#### Task requirements:
Return the entries that follow exactly, with no images.

#### Data for the task:
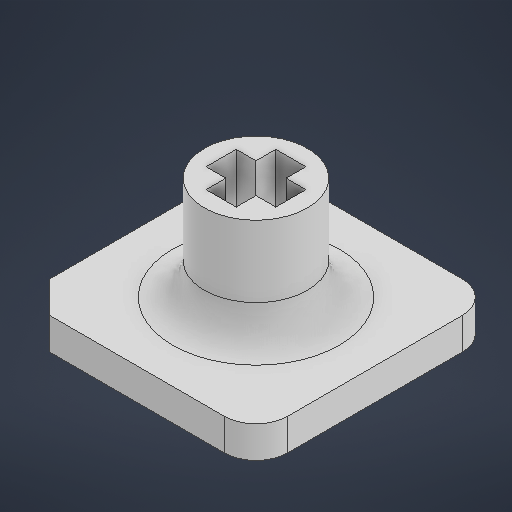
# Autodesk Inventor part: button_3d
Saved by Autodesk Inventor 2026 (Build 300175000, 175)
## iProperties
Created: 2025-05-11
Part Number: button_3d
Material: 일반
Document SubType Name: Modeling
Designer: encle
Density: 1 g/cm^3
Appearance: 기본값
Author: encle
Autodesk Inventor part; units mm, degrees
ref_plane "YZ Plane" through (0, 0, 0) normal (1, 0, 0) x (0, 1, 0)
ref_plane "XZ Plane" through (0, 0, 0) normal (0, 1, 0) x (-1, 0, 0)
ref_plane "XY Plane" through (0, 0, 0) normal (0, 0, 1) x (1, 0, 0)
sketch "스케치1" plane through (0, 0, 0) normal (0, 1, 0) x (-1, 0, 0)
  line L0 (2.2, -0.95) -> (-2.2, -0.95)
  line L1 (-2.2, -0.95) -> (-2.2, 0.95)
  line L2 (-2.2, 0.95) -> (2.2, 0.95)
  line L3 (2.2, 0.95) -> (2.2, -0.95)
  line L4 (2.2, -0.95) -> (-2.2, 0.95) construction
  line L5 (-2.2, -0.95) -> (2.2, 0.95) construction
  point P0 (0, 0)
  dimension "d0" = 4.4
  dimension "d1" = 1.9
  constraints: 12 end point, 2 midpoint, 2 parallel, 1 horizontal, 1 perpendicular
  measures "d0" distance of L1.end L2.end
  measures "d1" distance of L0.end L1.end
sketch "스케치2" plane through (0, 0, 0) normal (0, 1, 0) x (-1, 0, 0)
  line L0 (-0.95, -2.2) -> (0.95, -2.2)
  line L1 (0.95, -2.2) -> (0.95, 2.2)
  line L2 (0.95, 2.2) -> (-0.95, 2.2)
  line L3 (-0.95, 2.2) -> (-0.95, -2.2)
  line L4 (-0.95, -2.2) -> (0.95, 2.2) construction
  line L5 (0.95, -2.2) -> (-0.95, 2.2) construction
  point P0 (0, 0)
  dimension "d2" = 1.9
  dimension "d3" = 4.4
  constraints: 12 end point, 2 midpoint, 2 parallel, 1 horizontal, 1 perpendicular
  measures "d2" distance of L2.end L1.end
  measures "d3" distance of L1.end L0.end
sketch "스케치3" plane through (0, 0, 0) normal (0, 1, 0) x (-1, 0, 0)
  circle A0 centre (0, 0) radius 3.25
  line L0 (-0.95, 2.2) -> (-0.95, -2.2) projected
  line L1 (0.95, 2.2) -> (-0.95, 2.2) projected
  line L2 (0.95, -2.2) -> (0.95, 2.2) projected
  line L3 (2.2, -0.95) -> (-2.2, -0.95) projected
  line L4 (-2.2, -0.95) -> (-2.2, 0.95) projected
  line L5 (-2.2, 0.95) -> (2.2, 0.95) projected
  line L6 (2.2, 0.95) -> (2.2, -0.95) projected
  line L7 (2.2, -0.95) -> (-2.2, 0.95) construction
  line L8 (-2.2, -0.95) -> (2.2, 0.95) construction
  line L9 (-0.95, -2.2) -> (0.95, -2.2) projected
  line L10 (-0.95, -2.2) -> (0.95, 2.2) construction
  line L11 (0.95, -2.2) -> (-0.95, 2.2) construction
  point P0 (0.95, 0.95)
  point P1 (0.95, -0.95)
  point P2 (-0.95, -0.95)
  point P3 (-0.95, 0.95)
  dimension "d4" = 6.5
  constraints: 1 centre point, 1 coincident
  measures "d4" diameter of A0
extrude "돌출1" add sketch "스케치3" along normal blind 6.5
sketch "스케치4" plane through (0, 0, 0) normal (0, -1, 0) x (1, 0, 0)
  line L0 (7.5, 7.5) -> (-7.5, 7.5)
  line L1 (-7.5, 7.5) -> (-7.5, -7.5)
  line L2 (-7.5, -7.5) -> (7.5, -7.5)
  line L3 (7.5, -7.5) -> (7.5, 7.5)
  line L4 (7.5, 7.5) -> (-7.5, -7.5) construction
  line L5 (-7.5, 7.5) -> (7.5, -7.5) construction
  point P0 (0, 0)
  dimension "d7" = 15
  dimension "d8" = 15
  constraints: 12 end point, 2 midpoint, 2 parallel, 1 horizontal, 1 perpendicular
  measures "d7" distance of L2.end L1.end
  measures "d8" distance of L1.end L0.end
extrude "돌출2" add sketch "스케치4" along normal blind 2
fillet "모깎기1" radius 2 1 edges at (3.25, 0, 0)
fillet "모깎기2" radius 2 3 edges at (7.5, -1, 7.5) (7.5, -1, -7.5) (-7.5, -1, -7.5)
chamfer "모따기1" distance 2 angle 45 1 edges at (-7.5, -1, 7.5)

#### Written response:
# Autodesk Inventor part: button_3d
Saved by Autodesk Inventor 2026 (Build 300175000, 175)
## iProperties
Created: 2025-05-11
Part Number: button_3d
Material: 일반
Document SubType Name: Modeling
Designer: encle
Density: 1 g/cm^3
Appearance: 기본값
Author: encle
Autodesk Inventor part; units mm, degrees
ref_plane "YZ Plane" through (0, 0, 0) normal (1, 0, 0) x (0, 1, 0)
ref_plane "XZ Plane" through (0, 0, 0) normal (0, 1, 0) x (-1, 0, 0)
ref_plane "XY Plane" through (0, 0, 0) normal (0, 0, 1) x (1, 0, 0)
sketch "스케치1" plane through (0, 0, 0) normal (0, 1, 0) x (-1, 0, 0)
  line L0 (2.2, -0.95) -> (-2.2, -0.95)
  line L1 (-2.2, -0.95) -> (-2.2, 0.95)
  line L2 (-2.2, 0.95) -> (2.2, 0.95)
  line L3 (2.2, 0.95) -> (2.2, -0.95)
  line L4 (2.2, -0.95) -> (-2.2, 0.95) construction
  line L5 (-2.2, -0.95) -> (2.2, 0.95) construction
  point P0 (0, 0)
  dimension "d0" = 4.4
  dimension "d1" = 1.9
  constraints: 12 end point, 2 midpoint, 2 parallel, 1 horizontal, 1 perpendicular
  measures "d0" distance of L1.end L2.end
  measures "d1" distance of L0.end L1.end
sketch "스케치2" plane through (0, 0, 0) normal (0, 1, 0) x (-1, 0, 0)
  line L0 (-0.95, -2.2) -> (0.95, -2.2)
  line L1 (0.95, -2.2) -> (0.95, 2.2)
  line L2 (0.95, 2.2) -> (-0.95, 2.2)
  line L3 (-0.95, 2.2) -> (-0.95, -2.2)
  line L4 (-0.95, -2.2) -> (0.95, 2.2) construction
  line L5 (0.95, -2.2) -> (-0.95, 2.2) construction
  point P0 (0, 0)
  dimension "d2" = 1.9
  dimension "d3" = 4.4
  constraints: 12 end point, 2 midpoint, 2 parallel, 1 horizontal, 1 perpendicular
  measures "d2" distance of L2.end L1.end
  measures "d3" distance of L1.end L0.end
sketch "스케치3" plane through (0, 0, 0) normal (0, 1, 0) x (-1, 0, 0)
  circle A0 centre (0, 0) radius 3.25
  line L0 (-0.95, 2.2) -> (-0.95, -2.2) projected
  line L1 (0.95, 2.2) -> (-0.95, 2.2) projected
  line L2 (0.95, -2.2) -> (0.95, 2.2) projected
  line L3 (2.2, -0.95) -> (-2.2, -0.95) projected
  line L4 (-2.2, -0.95) -> (-2.2, 0.95) projected
  line L5 (-2.2, 0.95) -> (2.2, 0.95) projected
  line L6 (2.2, 0.95) -> (2.2, -0.95) projected
  line L7 (2.2, -0.95) -> (-2.2, 0.95) construction
  line L8 (-2.2, -0.95) -> (2.2, 0.95) construction
  line L9 (-0.95, -2.2) -> (0.95, -2.2) projected
  line L10 (-0.95, -2.2) -> (0.95, 2.2) construction
  line L11 (0.95, -2.2) -> (-0.95, 2.2) construction
  point P0 (0.95, 0.95)
  point P1 (0.95, -0.95)
  point P2 (-0.95, -0.95)
  point P3 (-0.95, 0.95)
  dimension "d4" = 6.5
  constraints: 1 centre point, 1 coincident
  measures "d4" diameter of A0
extrude "돌출1" add sketch "스케치3" along normal blind 6.5
sketch "스케치4" plane through (0, 0, 0) normal (0, -1, 0) x (1, 0, 0)
  line L0 (7.5, 7.5) -> (-7.5, 7.5)
  line L1 (-7.5, 7.5) -> (-7.5, -7.5)
  line L2 (-7.5, -7.5) -> (7.5, -7.5)
  line L3 (7.5, -7.5) -> (7.5, 7.5)
  line L4 (7.5, 7.5) -> (-7.5, -7.5) construction
  line L5 (-7.5, 7.5) -> (7.5, -7.5) construction
  point P0 (0, 0)
  dimension "d7" = 15
  dimension "d8" = 15
  constraints: 12 end point, 2 midpoint, 2 parallel, 1 horizontal, 1 perpendicular
  measures "d7" distance of L2.end L1.end
  measures "d8" distance of L1.end L0.end
extrude "돌출2" add sketch "스케치4" along normal blind 2
fillet "모깎기1" radius 2 1 edges at (3.25, 0, 0)
fillet "모깎기2" radius 2 3 edges at (7.5, -1, 7.5) (7.5, -1, -7.5) (-7.5, -1, -7.5)
chamfer "모따기1" distance 2 angle 45 1 edges at (-7.5, -1, 7.5)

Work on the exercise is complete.